About your myocardial perfusion imaging test
If your doctor has recommended a heart scan or a stress test with nuclear imaging, you will undergo a myocardial perfusion study with nuclear imaging. This may also be called a heart scan or a SPECT imaging study. This is a unique modality of medical testing because it provides a nuclear cardiologist with information about both the structure and function of the heart. Nuclear imaging procedures identify abnormalities very early in the progress of a disease, often before other diagnostic tests can identify the same problems and before serious symptoms occur. The pictures from the perfusion study let us look at the blood flow in the arteries leading to your heart and also how well the heart is beating.
If you are able to exercise, you will walk on a treadmill. The exercise will start slowly and increase in both speed and incline every three minutes. Your heart will be monitored continuously through the exercise portion of the study and your blood pressure will be checked several times by the technologist. If exercise is difficult for you, a medication will be used to increase the blood flow to the heart. This is a very short acting medication and may occasionally cause symptoms such as hot flashes or flushing and nausea and headache. The symptoms resolve very quickly after the medication is stopped and are not dangerous.

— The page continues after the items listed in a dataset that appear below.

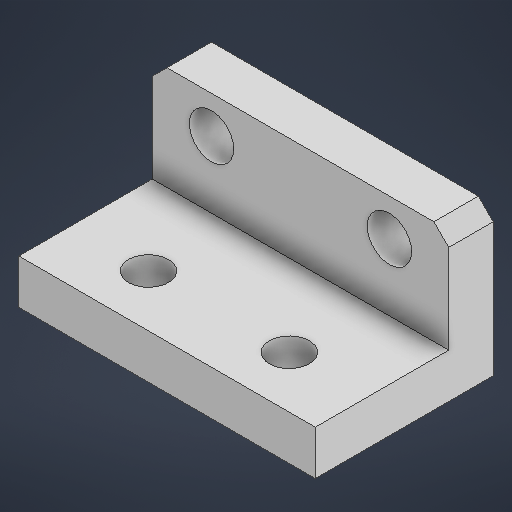
# Autodesk Inventor part: LimitSwitch_TopHolder
Saved by Autodesk Inventor 2025.2 (Build 292293000, 293)
## iProperties
Created: 2025-07-03
Part Number: LimitSwitch_TopHolder
Material: Generic
Document SubType Name: Modeling
Designer: Tiago
Density: 1 g/cm^3
Appearance: Default
Author: Tiago
Autodesk Inventor part; units mm, degrees
ref_plane "YZ Plane" through (0, 0, 0) normal (1, 0, 0) x (0, 1, 0)
ref_plane "XZ Plane" through (0, 0, 0) normal (0, 1, 0) x (-1, 0, 0)
ref_plane "XY Plane" through (0, 0, 0) normal (0, 0, 1) x (1, 0, 0)
sketch "Sketch1" plane through (0, 0, 0) normal (0, 0, 1) x (1, 0, 0)
  line L0 (-10, -5) -> (10, -5)
  line L1 (10, -5) -> (10, 5)
  line L2 (10, 5) -> (-10, 5)
  line L3 (-10, 5) -> (-10, -5)
  circle A0 centre (-6, 2.5) radius 1.5
  circle A1 centre (6, 2.5) radius 1.5
  line L4 (-10, -5) -> (10, -5)
  line L5 (10, -5) -> (10, -2)
  line L6 (10, -2) -> (-10, -2)
  line L7 (-10, -2) -> (-10, -5)
  point P0 (0, 0)
  point P1 (0, 5)
  point P2 (-10, 0)
  dimension "d0" = 10
  dimension "d1" = 20
  dimension "d2" = 3
  dimension "d3" = 3
  dimension "d4" = 12
  dimension "d5" = 6
  dimension "d6" = 2.5
  dimension "d7" = 3
  constraints: 16 end point, 4 parallel, 2 centre point, 2 horizontal, 2 horizontal alignment, 2 midpoint, 2 perpendicular, 1 point on line, 1 vertical alignment
  measures "d0" distance of L0.end L1.end
  measures "d1" distance of L0.start L0.end
  measures "d2" diameter of A1
  measures "d3" diameter of A0
  measures "d4" distance of A1.centre A0.centre
  measures "d5" horizontal distance of point (0, 0) A1.centre
  measures "d6" vertical distance of A1.centre point (0, 0)
  measures "d7" distance between parallel lines of L0 L6
extrude "Extrusion1" add sketch "Sketch1" along normal blind 3 contours L3 L2 L1 L6
extrude "Extrusion2" add sketch "Sketch1" along normal blind 12 contours L3 L6 L1 L0
sketch "Sketch2" plane through (-10, -5, 0) normal (0, -1, 0) x (1, 0, 0)
  line L0 (20, 0) -> (0, 0) projected
  line L1 (0, 0) -> (0, 12) projected
  line L2 (0, 12) -> (20, 12) projected
  line L3 (20, 12) -> (20, 0) projected
  circle A0 centre (5.25, 8.5) radius 1.35
  circle A1 centre (14.75, 8.5) radius 1.35
  point P0 (10, 0)
  dimension "d13" = 9.5
  dimension "d14" = 5.25
  dimension "d15" = 2.7
  dimension "d16" = 2.7
  dimension "d17" = 3.5
  constraints: 2 centre point, 1 horizontal alignment
  measures "d13" distance of A1.centre A0.centre
  measures "d14" distance from line of A1.centre L3
  measures "d15" diameter of A1
  measures "d16" diameter of A0
  measures "d17" distance from line of L2 A0.centre
extrude "Extrusion3" cut sketch "Sketch2" against normal up to surface (3 mm away) contours A0 | A1
chamfer "Chamfer1" distance 1 angle 45 2 edges at (10, 5, 1.5) (-10, 5, 1.5)
body "Solid1"

The nuclear perfusion study is noninvasive and painless. There is a very small amount of nuclear or radioactive material used in the study. The material is referred to as a radiotracer or radiopharmaceutical. The radiotracer behaves in the body as if it were potassium, one of the most common electrolytes in the body. This property allows the radiotracer to concentrate in the heart in the distribution of the blood flow and to be eliminated a short time later by the kidney. The tracer gives off energy which passes through the body and is detected by a special camera called a gamma camera. Some people have concerns about exposing themselves to a radioactive material. The radiotracers that we use have been used for many years in thousands of patients and are considered safe. Our lab endeavors to administer the lowest possible dose of radiation. The dose received by most patients is similar to what they are exposed to by natural background radiation (such as the sun) over a 2-3 year period.
During the test
You will lie on an examination table under the gamma camera. You will be positioned under the camera for a variable amount of time while the camera takes a series of pictures. Because the pictures are taken at a constant rate, it’s important to keep still.
The average imaging time is less than one hour.
A computer connected to the camera detects the radiation coming from the body organ being examined and forms a series of images. These images are interpreted by the nuclear cardiologist who will identify abnormalities in either structure or function of the heart. The results of the study is usually available by the evening of the test and will be communicated to your doctors the following day.